Moody’s goes a step further and declares that “Illinois is one of the Midwest’s weakest links, reflecting both soft job creation and the state’s descent into fiscal quicksand.”

According to the Moody’s study, Illinois “is home to four of the Midwest’s eight metro areas in recession.” Those areas are Bloomington, Carbondale, Peoria and the Quad Cities. The report further notes that economic recoveries in other communities, including Elgin, Danville, Decatur and Kankakee, are “at risk of coming undone.”

illinois metros recession

These struggling communities – and the state’s economy as a whole ­– aren’t helped by the fact that Illinois is losing part of its tax base to other states.

Illinois has lost, on net, more than 1.2 million residents between 2000 and 2015, and those former residents have taken more than $40 billion in taxable income with them. Illinois’ total population has shrunk for three years in a row.

According to a recent poll by the Paul Simon Public Policy Institute, this trend may continue. Of the Illinois registered voters polled, 47 percent said they want to leave Illinois.
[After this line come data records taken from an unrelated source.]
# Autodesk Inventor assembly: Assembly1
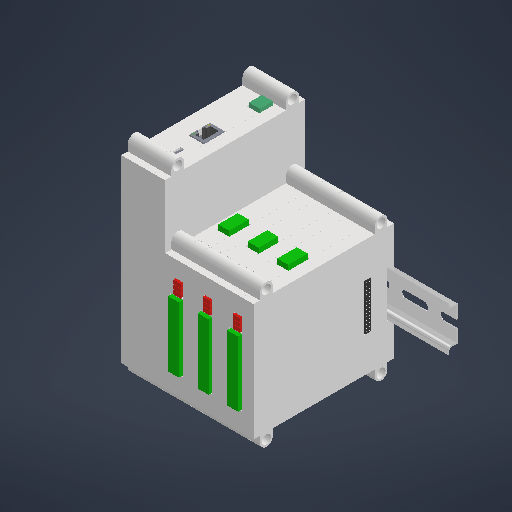
[picture p0: Inventor's stored thumbnail of the model, 512x512]
Saved by Autodesk Inventor 2025 (Build 290162000, 162)
## iProperties
Created: 2024-08-31
Part Number: Assembly1
Document SubType Name: Assembly
Designer: Dawid
Author: Dawid
## Documents named in this file (4)
- C:\Users\Dawid\Desktop\Magisterka\plc_io_module_case\Assembly1.iam
- C:\Users\Dawid\Desktop\Magisterka\plc_io_module_case\din_rail.ipt
- C:\Users\Dawid\Desktop\Magisterka\plc_io_module_case\module.iam
- C:\Users\Dawid\Desktop\Magisterka\plc_io_module_case\cpu_module.iam
## Components (5 placed, 3 different names)
1. din_rail.ipt:1 — Slider:1, Slider:2, Slider:3, Slider:4
2. module.iam:1 [sub-assembly] — Slider:1, Mate:1, Mate:2
3. module.iam:2 [sub-assembly] — Slider:3, Mate:2, Mate:3
4. module.iam:3 [sub-assembly] — Slider:2, Mate:3
5. cpu_module:1 [sub-assembly] — Slider:4, Mate:1
## Relationships (7: TranslationJoint 4, Mate 3)
- Slider:1 [TranslationJoint]: din_rail.ipt:1 ↔ module.iam:1
- Slider:2 [TranslationJoint]: din_rail.ipt:1 ↔ module.iam:3
- Slider:3 [TranslationJoint]: din_rail.ipt:1 ↔ module.iam:2
- Slider:4 [TranslationJoint]: din_rail.ipt:1 ↔ cpu_module:1
- Mate:1: module.iam:1 ↔ cpu_module:1
- Mate:2: module.iam:1 ↔ module.iam:2
- Mate:3: module.iam:2 ↔ module.iam:3
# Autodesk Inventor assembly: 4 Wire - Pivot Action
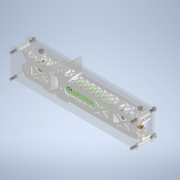
[picture p0: Inventor's stored thumbnail of the model, 180x180]
Saved by Autodesk Inventor 2021 (Build 250183000, 183)
## iProperties
Created: 2020-06-16
Part Number: 4 Wire - Pivot Action
Document SubType Name: Assembly
Designer: lucas
Project: 4Wire-FDM
Author: lucas
Revision Number: RLS_004
## Documents named in this file (9)
- C:\Users\lucas\Nextcloud\HackerSpace\HV Home Battery Storage Project\Concepts & Storyboards\18650 4wire Holder\Araknid-4Wire-FDM-Slot-x1.iam
- C:\Users\lucas\Nextcloud\HackerSpace\HV Home Battery Storage Project\Concepts & Storyboards\18650 4wire Holder\Shared Parts\18650-VTC4.ipt
- C:\Users\lucas\Nextcloud\HackerSpace\HV Home Battery Storage Project\Concepts & Storyboards\18650 4wire Holder\4Wire-FDM-Slot\Template-Fixture-Mid.ipt
- C:\Users\lucas\Nextcloud\HackerSpace\HV Home Battery Storage Project\Concepts & Storyboards\18650 4wire Holder\4Wire-FDM-Slot\Template-Fixture-Top.ipt
- C:\Users\lucas\Nextcloud\HackerSpace\HV Home Battery Storage Project\Concepts & Storyboards\18650 4wire Holder\4Wire-FDM-Slot\Template-Fixture-Bottom.ipt
- C:\Users\lucas\Nextcloud\HackerSpace\HV Home Battery Storage Project\Concepts & Storyboards\18650 4wire Holder\Shared Parts\Standoff-Threaded-M3x18mm.ipt
- C:\Users\lucas\Documents\Inventor\Content Center Files\R2021\en-US\U 2605\Unbrako - M3 x  20(5).ipt
- C:\Users\lucas\Nextcloud\HackerSpace\HV Home Battery Storage Project\Concepts & Storyboards\18650 4wire Holder\4Wire-FDM-Slot\4Wire-FDM-Slot.iam
- C:\Users\lucas\Nextcloud\HackerSpace\HV Home Battery Storage Project\Concepts & Storyboards\18650 4wire Holder\4Wire-FDM-Slot\4Wire-FDM-Pivot.iam
## Components (14 placed, 8 different names)
1. 18650-VTC4:1 — Mate:12
2. Template-Fixture-Mid:1 — Mate:1, Flush:1, Flush:2, Mate:11, Flush:4, Flush:5, Rotational:4, Rotational:5
3. Template-Fixture-Top:1 — Mate:1, Flush:1, Flush:2, Insert:1, Insert:2, Insert:3, Insert:4
4. Template-Fixture-Bottom:1 — Mate:11, Flush:4, Flush:5, Rotational:1, Rigid:1, Rotational:2, Rotational:3
5. Standoff-TH-M3x18mm:1 — Rotational:1
6. Standoff-TH-M3x18mm:2 — Rigid:1
7. Standoff-TH-M3x18mm:3 — Rotational:3
8. Standoff-TH-M3x18mm:4 — Rotational:2
9. Unbrako Hex Socket Button Cap - Metric M3 x 20:1 — Insert:1
10. Unbrako Hex Socket Button Cap - Metric M3 x 20:2 — Insert:2
11. Unbrako Hex Socket Button Cap - Metric M3 x 20:3 — Insert:3
12. Unbrako Hex Socket Button Cap - Metric M3 x 20:4 — Insert:4
13. 4Wire-FDM-Slot:1 [sub-assembly] — Rotational:4, Rotation:1, Mate:12
14. 4Wire-FDM-Pivot:1 [sub-assembly] — Rotational:5, Rotation:1
## Relationships (18: RevoluteJoint 5, Flush 4, Insert 4, Mate 3, WeldJoint 1, RelateRotation 1)
- Mate:1: Template-Fixture-Mid:1 ↔ Template-Fixture-Top:1
- Flush:1: Template-Fixture-Mid:1 ↔ Template-Fixture-Top:1
- Flush:2: Template-Fixture-Mid:1 ↔ Template-Fixture-Top:1
- Mate:11 (18 mm): Template-Fixture-Mid:1 ↔ Template-Fixture-Bottom:1
- Flush:4: Template-Fixture-Mid:1 ↔ Template-Fixture-Bottom:1
- Flush:5: Template-Fixture-Mid:1 ↔ Template-Fixture-Bottom:1
- Rotational:1 [RevoluteJoint]: Template-Fixture-Bottom:1 ↔ Standoff-TH-M3x18mm:1
- Rigid:1 [WeldJoint]: Template-Fixture-Bottom:1 ↔ Standoff-TH-M3x18mm:2
- Rotational:2 [RevoluteJoint]: Template-Fixture-Bottom:1 ↔ Standoff-TH-M3x18mm:4
- Rotational:3 [RevoluteJoint]: Template-Fixture-Bottom:1 ↔ Standoff-TH-M3x18mm:3
- Insert:1: Template-Fixture-Top:1 ↔ Unbrako Hex Socket Button Cap - Metric M3 x 20:1
- Insert:2: Template-Fixture-Top:1 ↔ Unbrako Hex Socket Button Cap - Metric M3 x 20:2
- Insert:3: Template-Fixture-Top:1 ↔ Unbrako Hex Socket Button Cap - Metric M3 x 20:3
- Insert:4: Template-Fixture-Top:1 ↔ Unbrako Hex Socket Button Cap - Metric M3 x 20:4
- Rotational:4 [RevoluteJoint] (3.25 mm): Template-Fixture-Mid:1 ↔ 4Wire-FDM-Slot:1
- Rotational:5 [RevoluteJoint] (3.25 mm): Template-Fixture-Mid:1 ↔ 4Wire-FDM-Pivot:1
- Rotation:1 [RelateRotation] (2.5533 ul): 4Wire-FDM-Slot:1 ↔ 4Wire-FDM-Pivot:1
- Mate:12: 18650-VTC4:1 ↔ 4Wire-FDM-Slot:1

Respondents cited taxes as the single biggest reason they wanted to leave.

Another poll, commissioned by the Illinois Policy Institute and conducted by Fabrizio, Lee & Associates, found that 60 percent of respondents said state taxes are already too high. A full 70 percent said their property taxes in particular were too high.

And nearly 80 percent of those polled agreed that “Illinois state lawmakers should pass major structural reforms before passing any tax increase” to resolve the state’s budget deficit.

These poll numbers make any state budget negotiation centered around a multibillion-dollar tax hike absurd. A tax increase won’t help to boost the economy or stop Illinoisans from moving. In fact, it would drag down the economy even further and push more taxpayers to move to other states.

Instead of debating how much to tax and the different ways to do it, the General Assembly should focus on policies that reform how it spends money.

A good start is the plan put forth by state Sens. Kyle McCarter, R-Lebanon, and Dan McConchie, R-Hawthorn Woods, called the “Taxpayer Bargain,” which balances the budget without any tax hikes.

McCarter said he refuses to punish taxpayers for what legislatures have done in the past, and instead plans to reward taxpayers with “a balanced budget that provides real-spending reductions.”

Much of the senators’ plan feeds off of the reforms already laid out in the Illinois Policy Institute’s Budget Solutions 2018. The Institute lays the groundwork for real government spending reform through a property tax freeze, while empowering local governments to control their costs. It also spells out true pension reform that protects state employees’ retirements while reducing the cost to taxpayers.

Illinois needs policies that keep its people here and draw residents and businesses in from other states. Tax hikes won’t do that.